The Associated Press reporting from Seattle yesterday said another US senator has joined the call for an immediate investigation by the US government of reports that certain employers have been demanding job applicants to reveal their social media usernames and passwords as part of job application requirements.
AP said Democratic Senator Chuck Schumer of New York has joined fellow Democrat Sen. Richard Blumenthal of Connecticut in asking Atty. General Eric Holder to find out whether the password issue violated federal law.
The two senators told news media that they are also asking the US Equal Employment Opportunity Commission to launch an investigation.
Late last week, Sen. Blumenthal said he was readying a bill that proposes to penalize violators of what he said was invasion of privacy by job interviewers, who insist that applicants surrender personal information to prospective employers, including their Facebook and Twitter passwords, for instance.
Facebook executives have told media following the flood of complaints over the issue that the company is keeping to its long-standing policy of not allowing the sharing of passwords, threatening legal action against violators.
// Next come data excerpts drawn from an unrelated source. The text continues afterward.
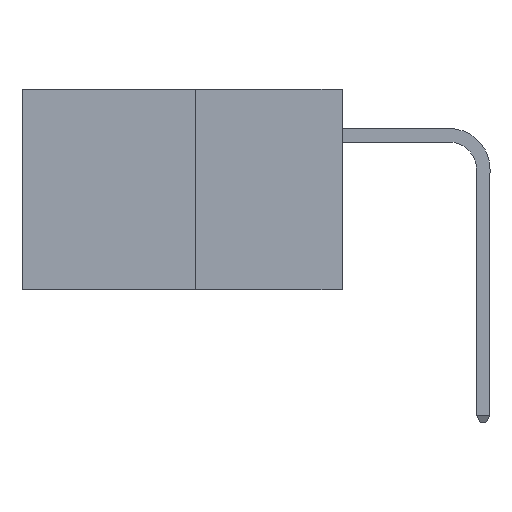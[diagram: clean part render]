
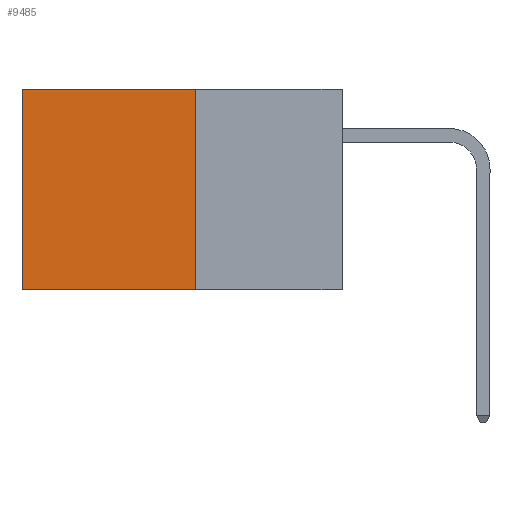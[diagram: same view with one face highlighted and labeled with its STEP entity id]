
A CAD part, left-side view. The second image highlights one B-rep face of the part: STEP entity #9485.
In plain terms, the highlighted planar face has unit normal (-1, 0, 0).
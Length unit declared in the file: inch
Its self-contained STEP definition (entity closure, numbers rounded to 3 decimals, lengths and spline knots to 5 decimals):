
#121 = CARTESIAN_POINT ( 'NONE',  ( 0.277, 0.27, -0.37 ) ) ;
#799 = ORIENTED_EDGE ( 'NONE', *, *, #6184, .F. ) ;
#940 = EDGE_CURVE ( 'NONE', #4300, #3375, #8169, .T. ) ;
#965 = LINE ( 'NONE', #121, #5283 ) ;
#1665 = EDGE_CURVE ( 'NONE', #1666, #3375, #6428, .T. ) ;
#1666 = VERTEX_POINT ( 'NONE', #4311 ) ;
#1988 = AXIS2_PLACEMENT_3D ( 'NONE', #5159, #5147, #5130 ) ;
#2287 = CARTESIAN_POINT ( 'NONE',  ( 0.277, 0.27, -0.37 ) ) ;
#2683 = VERTEX_POINT ( 'NONE', #7043 ) ;
#3375 = VERTEX_POINT ( 'NONE', #7534 ) ;
#3399 = DIRECTION ( 'NONE',  ( 0., 1., 0. ) ) ;
#3584 = CARTESIAN_POINT ( 'NONE',  ( 0.277, 0.27, 0. ) ) ;
#3786 = ORIENTED_EDGE ( 'NONE', *, *, #9752, .T. ) ;
#3927 = VECTOR ( 'NONE', #5216, 39.37008 ) ;
#4186 = DIRECTION ( 'NONE',  ( 0., 0., -1. ) ) ;
#4300 = VERTEX_POINT ( 'NONE', #2287 ) ;
#4311 = CARTESIAN_POINT ( 'NONE',  ( 0.277, 0.59, 0. ) ) ;
#4330 = CARTESIAN_POINT ( 'NONE',  ( 0.277, 0.59, -0.37 ) ) ;
#4437 = LINE ( 'NONE', #3584, #8424 ) ;
#4977 = CARTESIAN_POINT ( 'NONE',  ( 0.277, 0.27, -0.37 ) ) ;
#5130 = DIRECTION ( 'NONE',  ( 0., 0., -1. ) ) ;
#5147 = DIRECTION ( 'NONE',  ( 1., 0., 0. ) ) ;
#5159 = CARTESIAN_POINT ( 'NONE',  ( 0.277, 0.27, -0.37 ) ) ;
#5170 = PLANE ( 'NONE',  #1988 ) ;
#5216 = DIRECTION ( 'NONE',  ( 0., 1., 0. ) ) ;
#5283 = VECTOR ( 'NONE', #7645, 39.37008 ) ;
#6001 = EDGE_LOOP ( 'NONE', ( #6215, #8218, #799, #3786 ) ) ;
#6184 = EDGE_CURVE ( 'NONE', #2683, #4300, #965, .T. ) ;
#6215 = ORIENTED_EDGE ( 'NONE', *, *, #1665, .T. ) ;
#6428 = LINE ( 'NONE', #4330, #10086 ) ;
#7043 = CARTESIAN_POINT ( 'NONE',  ( 0.277, 0.27, 0. ) ) ;
#7192 = FACE_OUTER_BOUND ( 'NONE', #6001, .T. ) ;
#7534 = CARTESIAN_POINT ( 'NONE',  ( 0.277, 0.59, -0.37 ) ) ;
#7645 = DIRECTION ( 'NONE',  ( 0., 0., -1. ) ) ;
#8169 = LINE ( 'NONE', #4977, #3927 ) ;
#8218 = ORIENTED_EDGE ( 'NONE', *, *, #940, .F. ) ;
#8424 = VECTOR ( 'NONE', #3399, 39.37008 ) ;
#9485 = ADVANCED_FACE ( 'NONE', ( #7192 ), #5170, .F. ) ;
#9752 = EDGE_CURVE ( 'NONE', #2683, #1666, #4437, .T. ) ;
#10086 = VECTOR ( 'NONE', #4186, 39.37008 ) ;

An increasing number of job applicants told media that they withdrew their job applications, rather than reveal their social networking passwords, believing the practice was an invasion of privacy.
Legal observers, as quoted, were saying that the practice may indeed have spread through almost all job interview levels, but admitted that the legality of the practice is still unclear.
There were admissions that applicants for sensitive work positions, particularly with the government and security organizations, have not hesitated in providing more details of their personal and private lives, including their social media passwords in efforts to land desired, high-paying jobs.